Awesome
NEDforNoisyText
Named Entity Disambiguation for Noisy Text
This repository contains code for reproducing our experiments in our "Named Entity Disambiguation for Noisy Text" submittion to CoNLL 2017. Some manual steps are required to setup the data for the experiments
- Please setup a mysql schema with the page and redirect tables from a Wikipedia dump.

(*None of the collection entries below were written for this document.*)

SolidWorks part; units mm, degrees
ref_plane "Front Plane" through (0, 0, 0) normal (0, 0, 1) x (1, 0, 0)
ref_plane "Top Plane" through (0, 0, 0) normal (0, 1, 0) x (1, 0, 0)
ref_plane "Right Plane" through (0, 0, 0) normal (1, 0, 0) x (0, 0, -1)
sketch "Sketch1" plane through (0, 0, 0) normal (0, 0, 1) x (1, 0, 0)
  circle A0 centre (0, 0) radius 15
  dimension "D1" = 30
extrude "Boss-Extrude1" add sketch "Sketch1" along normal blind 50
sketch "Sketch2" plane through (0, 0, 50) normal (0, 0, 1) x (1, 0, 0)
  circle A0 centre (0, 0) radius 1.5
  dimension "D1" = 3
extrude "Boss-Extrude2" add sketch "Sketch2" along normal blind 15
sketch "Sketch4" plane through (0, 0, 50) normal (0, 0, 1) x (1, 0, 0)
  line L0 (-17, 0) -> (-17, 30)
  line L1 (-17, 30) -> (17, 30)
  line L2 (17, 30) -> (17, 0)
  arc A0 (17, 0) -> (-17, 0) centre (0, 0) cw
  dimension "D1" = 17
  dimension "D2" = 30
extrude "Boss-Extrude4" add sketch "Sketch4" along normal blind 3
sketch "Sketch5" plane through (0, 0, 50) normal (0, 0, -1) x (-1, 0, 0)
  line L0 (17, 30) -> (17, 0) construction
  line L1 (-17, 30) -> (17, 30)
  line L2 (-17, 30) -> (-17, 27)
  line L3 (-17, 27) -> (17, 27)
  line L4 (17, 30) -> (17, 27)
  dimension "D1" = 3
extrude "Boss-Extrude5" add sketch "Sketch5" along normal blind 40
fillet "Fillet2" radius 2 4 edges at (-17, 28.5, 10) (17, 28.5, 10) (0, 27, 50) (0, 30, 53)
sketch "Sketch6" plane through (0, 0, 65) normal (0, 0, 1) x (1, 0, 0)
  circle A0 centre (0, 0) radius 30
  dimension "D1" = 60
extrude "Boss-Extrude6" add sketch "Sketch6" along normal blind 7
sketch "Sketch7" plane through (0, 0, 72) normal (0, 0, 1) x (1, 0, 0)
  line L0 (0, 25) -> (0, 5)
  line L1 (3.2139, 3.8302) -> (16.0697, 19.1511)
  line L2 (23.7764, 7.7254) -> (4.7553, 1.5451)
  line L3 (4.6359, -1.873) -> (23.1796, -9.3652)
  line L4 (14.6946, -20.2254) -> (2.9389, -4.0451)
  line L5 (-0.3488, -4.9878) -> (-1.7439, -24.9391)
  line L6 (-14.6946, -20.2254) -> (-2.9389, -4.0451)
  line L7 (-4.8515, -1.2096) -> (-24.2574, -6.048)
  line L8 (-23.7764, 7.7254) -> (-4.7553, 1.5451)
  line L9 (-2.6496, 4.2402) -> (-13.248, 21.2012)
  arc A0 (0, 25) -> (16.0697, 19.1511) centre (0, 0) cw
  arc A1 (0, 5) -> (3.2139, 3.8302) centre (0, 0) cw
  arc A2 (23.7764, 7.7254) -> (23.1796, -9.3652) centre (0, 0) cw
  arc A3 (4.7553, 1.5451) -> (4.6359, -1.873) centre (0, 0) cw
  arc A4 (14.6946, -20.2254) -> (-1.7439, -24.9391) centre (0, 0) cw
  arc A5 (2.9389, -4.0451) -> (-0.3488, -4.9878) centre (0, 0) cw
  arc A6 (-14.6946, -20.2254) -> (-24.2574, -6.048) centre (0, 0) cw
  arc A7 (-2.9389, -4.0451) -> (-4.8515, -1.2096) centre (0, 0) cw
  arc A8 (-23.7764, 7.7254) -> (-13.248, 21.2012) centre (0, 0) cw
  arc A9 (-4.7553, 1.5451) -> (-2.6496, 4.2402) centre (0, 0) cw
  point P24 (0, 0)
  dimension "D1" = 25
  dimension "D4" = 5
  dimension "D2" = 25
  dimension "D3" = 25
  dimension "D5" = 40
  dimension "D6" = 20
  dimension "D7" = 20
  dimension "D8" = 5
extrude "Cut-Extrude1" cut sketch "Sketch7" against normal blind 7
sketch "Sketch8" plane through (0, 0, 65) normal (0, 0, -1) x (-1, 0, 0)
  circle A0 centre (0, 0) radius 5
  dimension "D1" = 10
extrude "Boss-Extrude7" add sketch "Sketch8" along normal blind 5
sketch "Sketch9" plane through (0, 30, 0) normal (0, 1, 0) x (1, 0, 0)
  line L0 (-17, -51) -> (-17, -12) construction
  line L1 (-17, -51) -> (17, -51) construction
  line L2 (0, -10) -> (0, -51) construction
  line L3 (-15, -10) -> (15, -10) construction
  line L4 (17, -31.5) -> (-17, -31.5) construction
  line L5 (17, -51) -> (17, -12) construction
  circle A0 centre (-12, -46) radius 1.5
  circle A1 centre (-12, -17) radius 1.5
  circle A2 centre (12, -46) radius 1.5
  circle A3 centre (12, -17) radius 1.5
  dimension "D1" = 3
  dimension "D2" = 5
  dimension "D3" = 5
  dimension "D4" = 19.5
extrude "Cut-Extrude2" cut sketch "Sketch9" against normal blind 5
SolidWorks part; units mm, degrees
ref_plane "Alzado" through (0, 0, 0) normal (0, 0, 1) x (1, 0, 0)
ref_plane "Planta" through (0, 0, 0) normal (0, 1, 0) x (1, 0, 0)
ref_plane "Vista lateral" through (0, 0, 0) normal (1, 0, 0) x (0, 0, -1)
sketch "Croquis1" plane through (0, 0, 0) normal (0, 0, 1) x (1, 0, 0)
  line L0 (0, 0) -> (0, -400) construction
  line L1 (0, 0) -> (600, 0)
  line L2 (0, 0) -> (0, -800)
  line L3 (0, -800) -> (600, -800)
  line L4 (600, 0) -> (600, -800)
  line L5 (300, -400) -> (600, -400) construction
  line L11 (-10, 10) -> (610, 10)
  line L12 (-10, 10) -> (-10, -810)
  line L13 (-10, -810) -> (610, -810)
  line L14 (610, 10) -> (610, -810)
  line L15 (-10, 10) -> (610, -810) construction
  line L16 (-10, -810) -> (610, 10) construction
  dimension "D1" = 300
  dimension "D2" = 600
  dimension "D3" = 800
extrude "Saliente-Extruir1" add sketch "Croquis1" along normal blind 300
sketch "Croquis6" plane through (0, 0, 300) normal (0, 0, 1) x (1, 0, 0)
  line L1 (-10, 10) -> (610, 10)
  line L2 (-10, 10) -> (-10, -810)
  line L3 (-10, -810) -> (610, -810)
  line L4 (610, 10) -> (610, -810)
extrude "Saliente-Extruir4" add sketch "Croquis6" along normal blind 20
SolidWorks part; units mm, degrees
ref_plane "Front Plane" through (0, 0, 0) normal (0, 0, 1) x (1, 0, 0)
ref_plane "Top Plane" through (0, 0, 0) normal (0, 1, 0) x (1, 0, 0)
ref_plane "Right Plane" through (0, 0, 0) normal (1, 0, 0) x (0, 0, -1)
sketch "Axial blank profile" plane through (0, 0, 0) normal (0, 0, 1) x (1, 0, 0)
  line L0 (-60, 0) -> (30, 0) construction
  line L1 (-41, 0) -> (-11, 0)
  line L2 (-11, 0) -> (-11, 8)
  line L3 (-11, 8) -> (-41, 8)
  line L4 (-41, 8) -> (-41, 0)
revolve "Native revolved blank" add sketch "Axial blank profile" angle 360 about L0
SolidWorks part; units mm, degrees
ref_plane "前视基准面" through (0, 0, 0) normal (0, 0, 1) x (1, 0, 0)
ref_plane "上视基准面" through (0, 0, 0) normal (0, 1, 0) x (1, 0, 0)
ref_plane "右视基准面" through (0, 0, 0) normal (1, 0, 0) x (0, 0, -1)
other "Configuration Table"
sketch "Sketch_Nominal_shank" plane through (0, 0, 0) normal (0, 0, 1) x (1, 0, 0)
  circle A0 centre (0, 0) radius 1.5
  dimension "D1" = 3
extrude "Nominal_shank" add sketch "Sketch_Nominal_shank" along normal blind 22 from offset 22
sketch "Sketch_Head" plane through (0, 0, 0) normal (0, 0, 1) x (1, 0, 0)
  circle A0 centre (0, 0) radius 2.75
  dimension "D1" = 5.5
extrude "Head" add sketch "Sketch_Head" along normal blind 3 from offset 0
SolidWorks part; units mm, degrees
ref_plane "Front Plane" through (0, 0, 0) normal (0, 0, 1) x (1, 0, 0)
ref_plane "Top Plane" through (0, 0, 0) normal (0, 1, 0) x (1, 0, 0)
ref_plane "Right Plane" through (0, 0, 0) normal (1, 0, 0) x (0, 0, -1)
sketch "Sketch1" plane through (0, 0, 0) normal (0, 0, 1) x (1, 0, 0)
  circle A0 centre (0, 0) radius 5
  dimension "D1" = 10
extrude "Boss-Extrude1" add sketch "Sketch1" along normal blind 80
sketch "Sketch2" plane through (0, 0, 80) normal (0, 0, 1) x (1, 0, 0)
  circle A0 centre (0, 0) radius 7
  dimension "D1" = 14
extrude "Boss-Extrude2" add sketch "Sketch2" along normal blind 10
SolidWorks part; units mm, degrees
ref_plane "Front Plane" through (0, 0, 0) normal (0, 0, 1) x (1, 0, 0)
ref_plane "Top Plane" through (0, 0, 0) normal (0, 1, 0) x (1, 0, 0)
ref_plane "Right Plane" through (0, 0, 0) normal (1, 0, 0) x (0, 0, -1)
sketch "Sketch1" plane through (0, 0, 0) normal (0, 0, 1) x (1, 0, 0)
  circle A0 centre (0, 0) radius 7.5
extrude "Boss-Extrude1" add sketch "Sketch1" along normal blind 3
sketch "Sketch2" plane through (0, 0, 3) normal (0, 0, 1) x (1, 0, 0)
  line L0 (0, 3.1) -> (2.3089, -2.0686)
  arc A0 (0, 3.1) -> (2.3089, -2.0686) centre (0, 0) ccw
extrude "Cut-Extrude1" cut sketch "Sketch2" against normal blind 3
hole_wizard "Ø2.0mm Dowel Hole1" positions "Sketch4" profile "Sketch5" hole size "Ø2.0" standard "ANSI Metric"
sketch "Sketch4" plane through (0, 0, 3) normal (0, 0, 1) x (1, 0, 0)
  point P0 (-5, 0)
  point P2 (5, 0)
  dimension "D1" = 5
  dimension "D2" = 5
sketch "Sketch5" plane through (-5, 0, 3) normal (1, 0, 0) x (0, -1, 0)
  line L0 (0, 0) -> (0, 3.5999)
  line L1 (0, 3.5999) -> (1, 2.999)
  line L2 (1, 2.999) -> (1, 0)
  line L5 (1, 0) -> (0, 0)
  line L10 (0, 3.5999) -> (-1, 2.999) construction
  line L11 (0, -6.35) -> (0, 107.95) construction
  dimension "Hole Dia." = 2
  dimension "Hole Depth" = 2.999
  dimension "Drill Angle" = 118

- Please place the wikipedia pages-article xml file at data/enwiki/pages-articles.xml.
- For processing wikilinks files from umass an installationg of scala is required.
python libraries required for the project: keras, tensorflow, numpy, nltk, json, unicodedata, unidecode, mysql.connector, urllib, matplotlib, zipfile, ujson, pandas, urlparse, sklearn.
For running the CoNLL test
- Create a data/CoNLL folder and place the aida-conll dataset inside (CoNLL_AIDA-YAGO2-dataset.tsv) To generate this dataset refer to https://www.mpi-inf.mpg.de/departments/databases-and-information-systems/research/yago-naga/aida/downloads/
Seting up the data run ./setup_data.sh to setup data for the wikilinksNED evaluation run ./setup_wikilinks.sh <db_user> <db_pass> <db_schema> <db_ip> to setup data for the conll evaluation run ./setup_conll.sh <db_user> <db_pass> <db_schema> <db_ip>
REMARK: as of now you are required to use the script at https://github.com/NoamGit/Wiki2JSON/ to extract Wikilinks from its original format (thrift) to an easier to work with json format. The resulting files should be stored at data/wikilinks/unprocessed. We are working to automate this process as soon as possible.
Running evaluations for running WikilinksNED evaluation run ./evaluateWikilinksNED.sh <db_user> <db_pass> <db_schema> <db_ip> for running CoNLL evaluation run ./pretrainOnWikipedia.sh <db_user> <db_pass> <db_schema> <db_ip> and then ./evaluateCoNLL.sh <db_user> <db_pass> <db_schema> <db_ip>
results are written to evaluation.txt file in the main directory
NOTES:
- Setting up data and running experiments takes a very long time.
- After setting up data for both experiments the data folder can reach 300+Gb
This code is provided as-is. Running this code or any part of it is at your own risk. We do not take any responsibility for running any of the code or usage of any of the data. Much of this code was written at the same time as I was learning Keras, TF and Theano. It has undergone many changes and was used for extensive experimentation. It is therefore probably full of design flaws and redundancies.